The significant H-1B visa presence in Utah (17,295 certified petitions, 91.4 percent approval rate) raises important questions about the interaction between foreign specialty worker hiring and domestic workforce displacement. While the largest H-1B employers in Utah (Infosys Limited, University of Utah, Goldman Sachs) do not dominate the WARN notice list, the concentration of H-1B hiring in computer systems analysis, software development, and computer programming—sectors often cited as sources of wage pressure and displacement—warrants monitoring. The average H-1B salary of $94,296 exceeds Utah median wages, suggesting these positions represent higher-wage replacements rather than lower-wage alternatives, but the aggregate volume of foreign hiring merits careful analysis in a county experiencing regular job displacement.
Conclusion: Structural Adaptation and Policy Imperatives
Salt Lake County's layoff landscape reflects both macroeconomic cycles and structural transformations reshaping American manufacturing, professional services, and information technology sectors.
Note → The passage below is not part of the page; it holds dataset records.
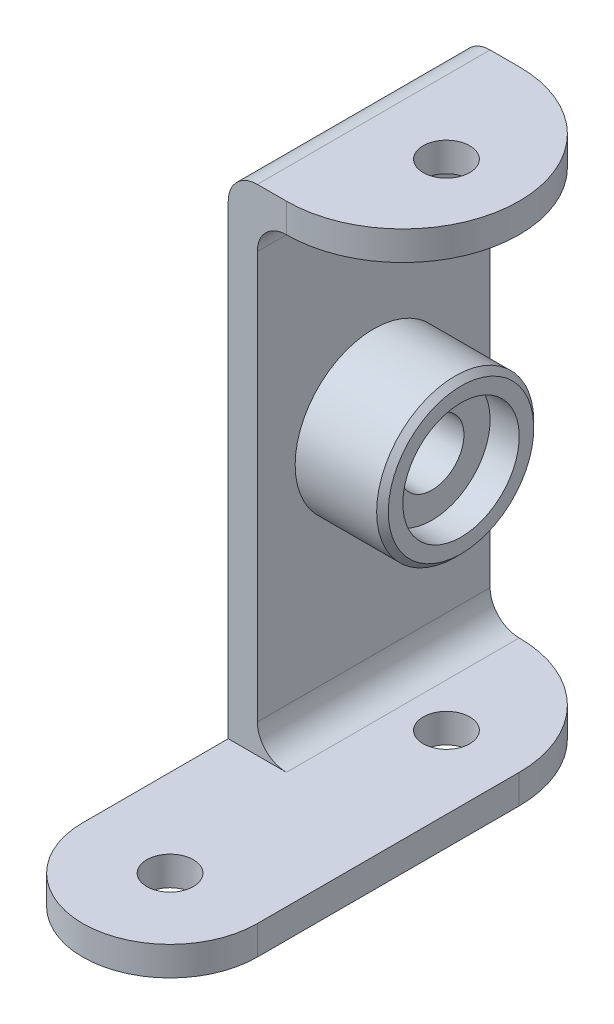
ISO-10303-21;
HEADER;
FILE_DESCRIPTION(('STEP AP214'),'2;1');
FILE_NAME('part.step','',(''),(''),'','','');
FILE_SCHEMA(('AUTOMOTIVE_DESIGN { 1 0 10303 214 1 1 1 1 }'));
ENDSEC;
DATA;
#1=APPLICATION_CONTEXT('core data for automotive mechanical design processes');
#2=APPLICATION_PROTOCOL_DEFINITION('international standard','automotive_design',2000,#1);
#3=PRODUCT_CONTEXT('',#1,'mechanical');
#4=PRODUCT('Part','Part','',(#3));
#5=PRODUCT_RELATED_PRODUCT_CATEGORY('part','',(#4));
#6=PRODUCT_DEFINITION_FORMATION('','',#4);
#7=PRODUCT_DEFINITION_CONTEXT('part definition',#1,'design');
#8=PRODUCT_DEFINITION('design','',#6,#7);
#9=PRODUCT_DEFINITION_SHAPE('','',#8);
#10=(LENGTH_UNIT() NAMED_UNIT(*) SI_UNIT(.MILLI.,.METRE.));
#11=(NAMED_UNIT(*) PLANE_ANGLE_UNIT() SI_UNIT($,.RADIAN.));
#12=(NAMED_UNIT(*) SI_UNIT($,.STERADIAN.) SOLID_ANGLE_UNIT());
#13=UNCERTAINTY_MEASURE_WITH_UNIT(LENGTH_MEASURE(1.E-05),#10,'distance_accuracy_value','');
#14=(GEOMETRIC_REPRESENTATION_CONTEXT(3) GLOBAL_UNCERTAINTY_ASSIGNED_CONTEXT((#13)) GLOBAL_UNIT_ASSIGNED_CONTEXT((#10,
#11,#12)) REPRESENTATION_CONTEXT('',''));
#15=CARTESIAN_POINT('',(0.,0.,0.));
#16=DIRECTION('',(0.,0.,1.));
#17=DIRECTION('',(1.,0.,0.));
#18=AXIS2_PLACEMENT_3D('',#15,#16,#17);
#19=CARTESIAN_POINT('',(-30.,0.,0.));
#20=DIRECTION('',(1.,0.,0.));
#21=DIRECTION('',(0.,-1.,0.));
#22=AXIS2_PLACEMENT_3D('',#19,#20,#21);
#23=CYLINDRICAL_SURFACE('',#22,5.5);
#24=CARTESIAN_POINT('',(-30.,0.,0.));
#25=DIRECTION('',(-1.,0.,0.));
#26=DIRECTION('',(0.,-1.,0.));
#27=AXIS2_PLACEMENT_3D('',#24,#25,#26);
#28=CIRCLE('',#27,5.5);
#29=CARTESIAN_POINT('',(-30.,-5.5,0.));
#30=VERTEX_POINT('',#29);
#31=EDGE_CURVE('E196',#30,#30,#28,.T.);
#32=ORIENTED_EDGE('',*,*,#31,.T.);
#33=EDGE_LOOP('',(#32));
#34=FACE_BOUND('',#33,.T.);
#35=CARTESIAN_POINT('',(-15.,0.,0.));
#36=DIRECTION('',(-1.,0.,0.));
#37=DIRECTION('',(0.,-1.,0.));
#38=AXIS2_PLACEMENT_3D('',#35,#36,#37);
#39=CIRCLE('',#38,5.5);
#40=CARTESIAN_POINT('',(-15.,-5.5,0.));
#41=VERTEX_POINT('',#40);
#42=EDGE_CURVE('E49',#41,#41,#39,.F.);
#43=ORIENTED_EDGE('',*,*,#42,.T.);
#44=EDGE_LOOP('',(#43));
#45=FACE_BOUND('',#44,.T.);
#46=ADVANCED_FACE('F45',(#34,#45),#23,.F.);
#47=CARTESIAN_POINT('',(-15.,-40.,45.));
#48=DIRECTION('',(0.,1.,0.));
#49=DIRECTION('',(0.,0.,1.));
#50=AXIS2_PLACEMENT_3D('',#47,#48,#49);
#51=CYLINDRICAL_SURFACE('',#50,15.);
#52=DIRECTION('',(0.,-1.,0.));
#53=VECTOR('',#52,1.);
#54=CARTESIAN_POINT('',(-30.,-40.,45.));
#55=LINE('',#54,#53);
#56=CARTESIAN_POINT('',(-30.,-40.,45.));
#57=VERTEX_POINT('',#56);
#58=CARTESIAN_POINT('',(-30.,-45.,45.));
#59=VERTEX_POINT('',#58);
#60=EDGE_CURVE('E326',#57,#59,#55,.T.);
#61=ORIENTED_EDGE('',*,*,#60,.T.);
#62=CARTESIAN_POINT('',(-15.,-45.,45.));
#63=DIRECTION('',(0.,-1.,0.));
#64=DIRECTION('',(0.,0.,1.));
#65=AXIS2_PLACEMENT_3D('',#62,#63,#64);
#66=CIRCLE('',#65,15.);
#67=CARTESIAN_POINT('',(0.,-45.,45.));
#68=VERTEX_POINT('',#67);
#69=EDGE_CURVE('E11',#59,#68,#66,.F.);
#70=ORIENTED_EDGE('',*,*,#69,.T.);
#71=DIRECTION('',(0.,1.,0.));
#72=VECTOR('',#71,1.);
#73=CARTESIAN_POINT('',(0.,-40.,45.));
#74=LINE('',#73,#72);
#75=CARTESIAN_POINT('',(0.,-40.,45.));
#76=VERTEX_POINT('',#75);
#77=EDGE_CURVE('E336',#68,#76,#74,.T.);
#78=ORIENTED_EDGE('',*,*,#77,.T.);
#79=CARTESIAN_POINT('',(-15.,-40.,45.));
#80=DIRECTION('',(0.,1.,0.));
#81=DIRECTION('',(-1.,0.,0.));
#82=AXIS2_PLACEMENT_3D('',#79,#80,#81);
#83=CIRCLE('',#82,15.);
#84=EDGE_CURVE('E55',#76,#57,#83,.F.);
#85=ORIENTED_EDGE('',*,*,#84,.T.);
#86=EDGE_LOOP('',(#61,#70,#78,#85));
#87=FACE_BOUND('',#86,.T.);
#88=ADVANCED_FACE('F47',(#87),#51,.T.);
#89=CARTESIAN_POINT('',(-20.,-45.,0.));
#90=DIRECTION('',(0.,-1.,0.));
#91=DIRECTION('',(-1.,0.,0.));
#92=AXIS2_PLACEMENT_3D('',#89,#90,#91);
#93=CYLINDRICAL_SURFACE('',#92,20.);
#94=CARTESIAN_POINT('',(-20.,-45.,0.));
#95=DIRECTION('',(0.,-1.,0.));
#96=DIRECTION('',(0.,0.,1.));
#97=AXIS2_PLACEMENT_3D('',#94,#95,#96);
#98=CIRCLE('',#97,20.);
#99=CARTESIAN_POINT('',(0.,-45.,0.));
#100=VERTEX_POINT('',#99);
#101=CARTESIAN_POINT('',(-20.,-45.,-20.));
#102=VERTEX_POINT('',#101);
#103=EDGE_CURVE('E318',#100,#102,#98,.F.);
#104=ORIENTED_EDGE('',*,*,#103,.T.);
#105=DIRECTION('',(0.,1.,0.));
#106=VECTOR('',#105,1.);
#107=CARTESIAN_POINT('',(-20.,-45.,-20.));
#108=LINE('',#107,#106);
#109=CARTESIAN_POINT('',(-20.,-40.,-20.));
#110=VERTEX_POINT('',#109);
#111=EDGE_CURVE('E314',#102,#110,#108,.T.);
#112=ORIENTED_EDGE('',*,*,#111,.T.);
#113=CARTESIAN_POINT('',(-20.,-40.,0.));
#114=DIRECTION('',(0.,1.,0.));
#115=DIRECTION('',(-1.,0.,0.));
#116=AXIS2_PLACEMENT_3D('',#113,#114,#115);
#117=CIRCLE('',#116,20.);
#118=CARTESIAN_POINT('',(0.,-40.,0.));
#119=VERTEX_POINT('',#118);
#120=EDGE_CURVE('E322',#110,#119,#117,.F.);
#121=ORIENTED_EDGE('',*,*,#120,.T.);
#122=DIRECTION('',(0.,-1.,0.));
#123=VECTOR('',#122,1.);
#124=CARTESIAN_POINT('',(0.,-45.,0.));
#125=LINE('',#124,#123);
#126=EDGE_CURVE('E177',#119,#100,#125,.T.);
#127=ORIENTED_EDGE('',*,*,#126,.T.);
#128=EDGE_LOOP('',(#104,#112,#121,#127));
#129=FACE_BOUND('',#128,.T.);
#130=ADVANCED_FACE('F390',(#129),#93,.T.);
#131=CARTESIAN_POINT('',(-20.,45.,0.));
#132=DIRECTION('',(0.,-1.,0.));
#133=DIRECTION('',(-1.,0.,0.));
#134=AXIS2_PLACEMENT_3D('',#131,#132,#133);
#135=CYLINDRICAL_SURFACE('',#134,20.);
#136=DIRECTION('',(0.,-1.,0.));
#137=VECTOR('',#136,1.);
#138=CARTESIAN_POINT('',(-20.,35.,20.));
#139=LINE('',#138,#137);
#140=CARTESIAN_POINT('',(-20.,45.,20.));
#141=VERTEX_POINT('',#140);
#142=CARTESIAN_POINT('',(-20.,40.,20.));
#143=VERTEX_POINT('',#142);
#144=EDGE_CURVE('E298',#141,#143,#139,.T.);
#145=ORIENTED_EDGE('',*,*,#144,.T.);
#146=CARTESIAN_POINT('',(-20.,40.,0.));
#147=DIRECTION('',(0.,-1.,0.));
#148=DIRECTION('',(0.,0.,1.));
#149=AXIS2_PLACEMENT_3D('',#146,#147,#148);
#150=CIRCLE('',#149,20.);
#151=CARTESIAN_POINT('',(-20.,40.,-20.));
#152=VERTEX_POINT('',#151);
#153=EDGE_CURVE('E310',#143,#152,#150,.F.);
#154=ORIENTED_EDGE('',*,*,#153,.T.);
#155=DIRECTION('',(0.,1.,0.));
#156=VECTOR('',#155,1.);
#157=CARTESIAN_POINT('',(-20.,45.,-20.));
#158=LINE('',#157,#156);
#159=CARTESIAN_POINT('',(-20.,45.,-20.));
#160=VERTEX_POINT('',#159);
#161=EDGE_CURVE('E302',#152,#160,#158,.T.);
#162=ORIENTED_EDGE('',*,*,#161,.T.);
#163=CARTESIAN_POINT('',(-20.,45.,0.));
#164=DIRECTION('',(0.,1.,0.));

The concentration of displacement among large corporations, the persistence of layoff activity even during periods of overall labor market strength, and the sectoral dominance of manufacturing and business services suggest that county-level economic development strategy must move beyond business recruitment toward workforce adaptation infrastructure.
The current environment—characterized by low unemployment, declining jobless claims, and relative economic vitality—should not obscure the ongoing process of sectoral transition and corporate reorganization that affects thousands of workers annually. Effective policy response requires sustained investment in workforce retraining programs, particularly in manufacturing technology and software development sectors where displacement meets ongoing labor demand, and careful monitoring of the interaction between domestic layoffs and foreign specialty worker hiring patterns that may accelerate structural transitions.